In my blog Four Attributes That Lead To Athletic Greatness I discussed, in detail, attributes that athletes need in order to achieve greatness. It was in that article I alluded to the idea of being able to achieve elevated levels of performance on a consistent basis as one way athletic greatness is demonstrated.

I am certain that many athletes, no matter what level, can remember a time, or times, where they felt they had competed at peak levels. In the “zone” you might say. However, how many can remember doing it regularly or most of the time? How many can truly consider themselves one of those rare individuals their teammates count on to give their best and perform at their best, consistently? Easy to assume you can, much tougher to actually go out and do both.

I believe that there is a technique or training strategy (whether you compete in a team or individual sport) that will increase your potential of accomplishing this consistent high level of performance I am referring to. As an athlete, it was something I used daily (helping to separate myself from the competition), insisted on as a coach (even though, at times, I was not sure my athletes were completely vested), and something I find very few athletes today truly understand (at least when I ask), let alone are willing to adopt.

The technique I am referring to is not something out of the ordinary or considered a brilliant stroke of genius. Rather, it is a slightly different application of something most are already familiar with, goal setting.
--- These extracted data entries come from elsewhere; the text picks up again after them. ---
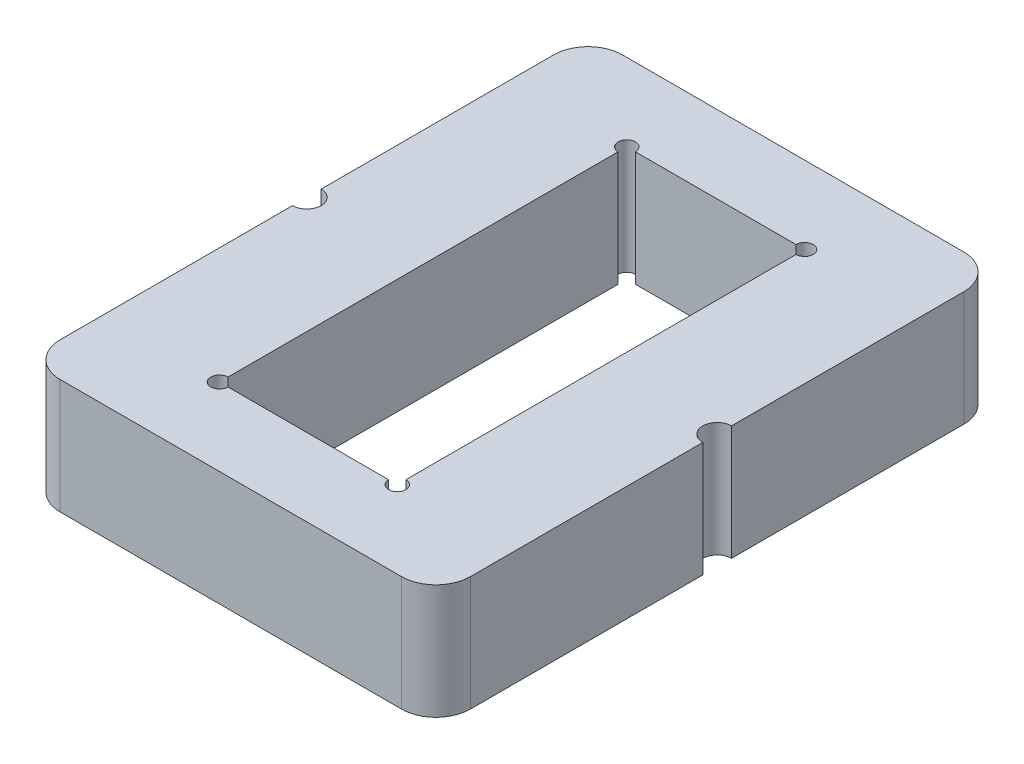
ISO-10303-21;
HEADER;
FILE_DESCRIPTION(('STEP AP214'),'2;1');
FILE_NAME('part.step','',(''),(''),'','','');
FILE_SCHEMA(('AUTOMOTIVE_DESIGN { 1 0 10303 214 1 1 1 1 }'));
ENDSEC;
DATA;
#1=APPLICATION_CONTEXT('core data for automotive mechanical design processes');
#2=APPLICATION_PROTOCOL_DEFINITION('international standard','automotive_design',2000,#1);
#3=PRODUCT_CONTEXT('',#1,'mechanical');
#4=PRODUCT('Part','Part','',(#3));
#5=PRODUCT_RELATED_PRODUCT_CATEGORY('part','',(#4));
#6=PRODUCT_DEFINITION_FORMATION('','',#4);
#7=PRODUCT_DEFINITION_CONTEXT('part definition',#1,'design');
#8=PRODUCT_DEFINITION('design','',#6,#7);
#9=PRODUCT_DEFINITION_SHAPE('','',#8);
#10=(LENGTH_UNIT() NAMED_UNIT(*) SI_UNIT(.MILLI.,.METRE.));
#11=(NAMED_UNIT(*) PLANE_ANGLE_UNIT() SI_UNIT($,.RADIAN.));
#12=(NAMED_UNIT(*) SI_UNIT($,.STERADIAN.) SOLID_ANGLE_UNIT());
#13=UNCERTAINTY_MEASURE_WITH_UNIT(LENGTH_MEASURE(1.E-05),#10,'distance_accuracy_value','');
#14=(GEOMETRIC_REPRESENTATION_CONTEXT(3) GLOBAL_UNCERTAINTY_ASSIGNED_CONTEXT((#13)) GLOBAL_UNIT_ASSIGNED_CONTEXT((#10,
#11,#12)) REPRESENTATION_CONTEXT('',''));
#15=CARTESIAN_POINT('',(0.,0.,0.));
#16=DIRECTION('',(0.,0.,1.));
#17=DIRECTION('',(1.,0.,0.));
#18=AXIS2_PLACEMENT_3D('',#15,#16,#17);
#19=CARTESIAN_POINT('',(-71.5,20.,98.));
#20=DIRECTION('',(1.,0.,0.));
#21=DIRECTION('',(0.,0.,-1.));
#22=AXIS2_PLACEMENT_3D('',#19,#20,#21);
#23=PLANE('',#22);
#24=DIRECTION('',(0.,0.,1.));
#25=VECTOR('',#24,1.);
#26=CARTESIAN_POINT('',(-71.5,-20.,98.));
#27=LINE('',#26,#25);
#28=CARTESIAN_POINT('',(-71.5,-20.,-86.));
#29=VERTEX_POINT('',#28);
#30=CARTESIAN_POINT('',(-71.5,-20.,-5.00000000000001));
#31=VERTEX_POINT('',#30);
#32=EDGE_CURVE('E204',#29,#31,#27,.T.);
#33=ORIENTED_EDGE('',*,*,#32,.T.);
#34=DIRECTION('',(0.,1.,0.));
#35=VECTOR('',#34,1.);
#36=CARTESIAN_POINT('',(-71.5,-20.,-5.00000000000001));
#37=LINE('',#36,#35);
#38=CARTESIAN_POINT('',(-71.5,20.,-5.));
#39=VERTEX_POINT('',#38);
#40=EDGE_CURVE('E11',#31,#39,#37,.T.);
#41=ORIENTED_EDGE('',*,*,#40,.T.);
#42=DIRECTION('',(0.,0.,1.));
#43=VECTOR('',#42,1.);
#44=CARTESIAN_POINT('',(-71.5,20.,98.));
#45=LINE('',#44,#43);
#46=CARTESIAN_POINT('',(-71.5,20.,-86.));
#47=VERTEX_POINT('',#46);
#48=EDGE_CURVE('E299',#47,#39,#45,.T.);
#49=ORIENTED_EDGE('',*,*,#48,.F.);
#50=DIRECTION('',(0.,-1.,0.));
#51=VECTOR('',#50,1.);
#52=CARTESIAN_POINT('',(-71.5,20.,-86.));
#53=LINE('',#52,#51);
#54=EDGE_CURVE('E251',#47,#29,#53,.T.);
#55=ORIENTED_EDGE('',*,*,#54,.T.);
#56=EDGE_LOOP('',(#33,#41,#49,#55));
#57=FACE_BOUND('',#56,.T.);
#58=ADVANCED_FACE('F34',(#57),#23,.F.);
#59=CARTESIAN_POINT('',(71.5,20.,98.));
#60=DIRECTION('',(-1.,0.,0.));
#61=DIRECTION('',(0.,0.,1.));
#62=AXIS2_PLACEMENT_3D('',#59,#60,#61);
#63=PLANE('',#62);
#64=DIRECTION('',(0.,0.,-1.));
#65=VECTOR('',#64,1.);
#66=CARTESIAN_POINT('',(71.5,-20.,98.));
#67=LINE('',#66,#65);
#68=CARTESIAN_POINT('',(71.5,-20.,86.));
#69=VERTEX_POINT('',#68);
#70=CARTESIAN_POINT('',(71.5,-20.,5.00000000000002));
#71=VERTEX_POINT('',#70);
#72=EDGE_CURVE('E186',#69,#71,#67,.T.);
#73=ORIENTED_EDGE('',*,*,#72,.T.);
#74=DIRECTION('',(0.,1.,0.));
#75=VECTOR('',#74,1.);
#76=CARTESIAN_POINT('',(71.5,-20.,5.00000000000002));
#77=LINE('',#76,#75);
#78=CARTESIAN_POINT('',(71.5,20.,5.00000000000002));
#79=VERTEX_POINT('',#78);
#80=EDGE_CURVE('E172',#71,#79,#77,.T.);
#81=ORIENTED_EDGE('',*,*,#80,.T.);
#82=DIRECTION('',(0.,0.,-1.));
#83=VECTOR('',#82,1.);
#84=CARTESIAN_POINT('',(71.5,20.,98.));
#85=LINE('',#84,#83);
#86=CARTESIAN_POINT('',(71.5,20.,86.));
#87=VERTEX_POINT('',#86);
#88=EDGE_CURVE('E183',#87,#79,#85,.T.);
#89=ORIENTED_EDGE('',*,*,#88,.F.);
#90=DIRECTION('',(0.,-1.,0.));
#91=VECTOR('',#90,1.);
#92=CARTESIAN_POINT('',(71.5,20.,86.));
#93=LINE('',#92,#91);
#94=EDGE_CURVE('E231',#87,#69,#93,.T.);
#95=ORIENTED_EDGE('',*,*,#94,.T.);
#96=EDGE_LOOP('',(#73,#81,#89,#95));
#97=FACE_BOUND('',#96,.T.);
#98=ADVANCED_FACE('F181',(#97),#63,.F.);
#99=CARTESIAN_POINT('',(0.,20.,0.));
#100=DIRECTION('',(0.,-1.,0.));
#101=DIRECTION('',(0.,0.,-1.));
#102=AXIS2_PLACEMENT_3D('',#99,#100,#101);
#103=PLANE('',#102);
#104=ORIENTED_EDGE('',*,*,#48,.T.);
#105=CARTESIAN_POINT('',(-71.5,20.,0.));
#106=DIRECTION('',(0.,1.,0.));
#107=DIRECTION('',(0.,0.,1.));
#108=AXIS2_PLACEMENT_3D('',#105,#106,#107);
#109=CIRCLE('',#108,5.);
#110=CARTESIAN_POINT('',(-71.5,20.,5.));
#111=VERTEX_POINT('',#110);
#112=EDGE_CURVE('E303',#111,#39,#109,.T.);
#113=ORIENTED_EDGE('',*,*,#112,.F.);
#114=CARTESIAN_POINT('',(-71.5,20.,86.));
#115=VERTEX_POINT('',#114);
#116=EDGE_CURVE('E216',#111,#115,#45,.T.);
#117=ORIENTED_EDGE('',*,*,#116,.T.);
#118=CARTESIAN_POINT('',(-59.5,20.,86.));
#119=DIRECTION('',(0.,-1.,0.));
#120=DIRECTION('',(0.,0.,-1.));
#121=AXIS2_PLACEMENT_3D('',#118,#119,#120);
#122=CIRCLE('',#121,12.);
#123=CARTESIAN_POINT('',(-59.5,20.,98.));
#124=VERTEX_POINT('',#123);
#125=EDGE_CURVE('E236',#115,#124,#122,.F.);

However, in this context, it is the idea of setting very specific training objectives that you are obligated to accomplish on a daily basis.

Setting daily objectives is something I see few athletes take the time to do, let alone accomplish. Most athletes, if you ask, will relate objectives and goals to what they want to achieve by the middle or end of a season. There are not many who will be able to tell you exactly what they are going to accomplish at practice, before they leave, on any given day. It might seem insignificant to some but the difference over the long-term is something the very best understand well.